Characteristics and Benefits:

  1. External Metadata and Catalog:
    You already have a catalog, perhaps a AWS Glue Data Catalog, Hive Metastore, or another standalone Iceberg catalog. Snowflake connects to this external metadata source to understand table schemas, snapshots, and file locations. You can maintain Iceberg metadata where you prefer, possibly alongside other engines and tools.

  2. Greater Flexibility and Interoperability:
    Since non-managed tables aren’t tied exclusively to Snowflake’s metadata management, it’s easier to integrate your data lake ecosystem. You can run Apache Flink, Apache Spark, Presto, Trino, or other engines on the same underlying Iceberg data, using the same metadata store, giving you a multi-engine, multi-tool environment.

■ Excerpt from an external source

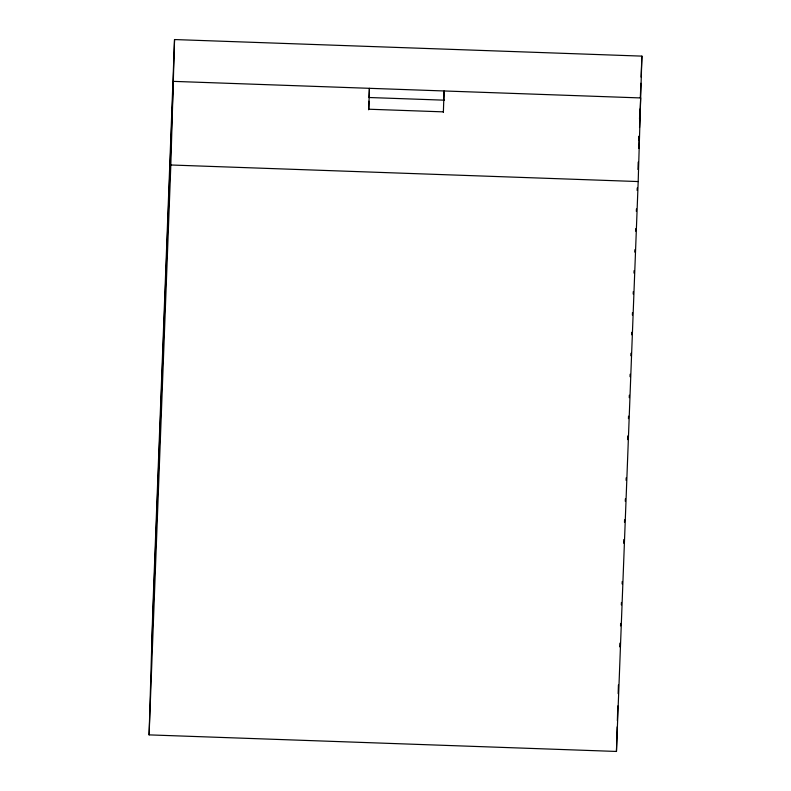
<?xml version="1.0" encoding="UTF-8"?>
<svg xmlns="http://www.w3.org/2000/svg" width="791" height="791" viewBox="0 0 791 791"><rect width="100%" height="100%" fill="white"/><g stroke="black" fill="none" stroke-linecap="round" stroke-linejoin="round"><path stroke-width="1.19" d="M149.094 734.879L152.811 609.446L174.544 39.55L641.906 56.121L638.189 181.554L616.456 751.45L149.094 734.879L170.826 164.993L174.544 39.55M368.685 109.801L368.942 101.199M443.365 112.451L444.077 90.965L443.731 100.15M616.456 751.45L617.178 726.85M617.366 720.71L617.801 705.948M618.167 693.648L618.424 685.046M151.575 651.25L173.308 81.364L640.67 97.936L639.543 127.539M638.713 139.997L638.851 136.299M639.514 119.026L639.889 109.158M640.315 98.064L640.878 83.253M641.106 77.093L641.906 56.121M619.729 646.85L619.877 643.152M620.53 625.889L620.628 623.417M621.331 604.917L621.429 602.445M622.131 583.946L622.23 581.474M623.684 543.239L623.822 539.541M624.485 522.268L624.583 519.796M625.285 501.296L625.374 498.834M626.086 480.325L626.175 477.863M627.639 439.618L627.777 435.92M628.44 418.647L628.529 416.185M629.24 397.685L629.329 395.213M630.032 376.714L630.13 374.242M630.832 355.742L630.931 353.27M631.633 334.771L631.732 332.299M632.385 315.036L632.484 312.564M633.186 294.064L633.284 291.592M633.987 273.093L634.085 270.631M634.787 252.121L634.886 249.659M635.588 231.15L635.677 228.688M636.34 211.415L636.439 208.953M637.141 190.443L637.239 187.981M637.942 169.482L638.218 162.076M638.742 148.51L639.207 136.171M444.245 100.17L369.031 97.511L369.407 88.315L368.784 109.217L443.464 111.867M170.826 164.993L638.189 181.554"/></g></svg>

  3. Reduced Vendor Lock-In:
    Your data and its metadata are not solely under Snowflake’s control, making it simpler to migrate or share data among different analytics platforms. If you prefer a “bring your own catalog” approach, this can be ideal.

Considerations:

  • You must handle many operational aspects yourself, such as snapshot cleanup, schema evolution policies, and performance tuning related to Iceberg metadata.
  • Achieving optimal concurrency control or ensuring consistent table states might be more complex, as Snowflake does not automatically handle metadata concurrency or optimization tasks.
  • Query performance may be somewhat dependent on how efficiently Snowflake can access external metadata and how well-maintained your external catalog is.

3.0 Choosing Between Managed and Non-Managed

Managed Tables:

  • Ideal if you want a “hands-off” approach with simpler maintenance, automatic optimizations, and integration with Snowflake’s existing transactional and governance features.
  • Best for organizations that want to consolidate their data management layer within Snowflake.

Non-Managed Tables:

  • Ideal for environments with existing data lake ecosystems and catalogs, where interoperability and flexibility are top priorities.
  • Best for teams comfortable with maintaining Iceberg metadata outside Snowflake and who value the ability to use multiple engines against the same data.

By weighing these considerations, you can determine the right Iceberg table management approach—fully managed by Snowflake for simplicity and performance, or non-managed for ultimate flexibility and ecosystem interoperability.


In this project, we use Non-Managed Apache Iceberg tables in Snowflake. The Apache Iceberg tables are created and managed in Apache Flink, and Snowflake queries the data from these tables. This approach allows us to leverage the best of both worlds: Apache Iceberg for data processing and Apache Iceberg table management, and Snowflake for querying and analytics.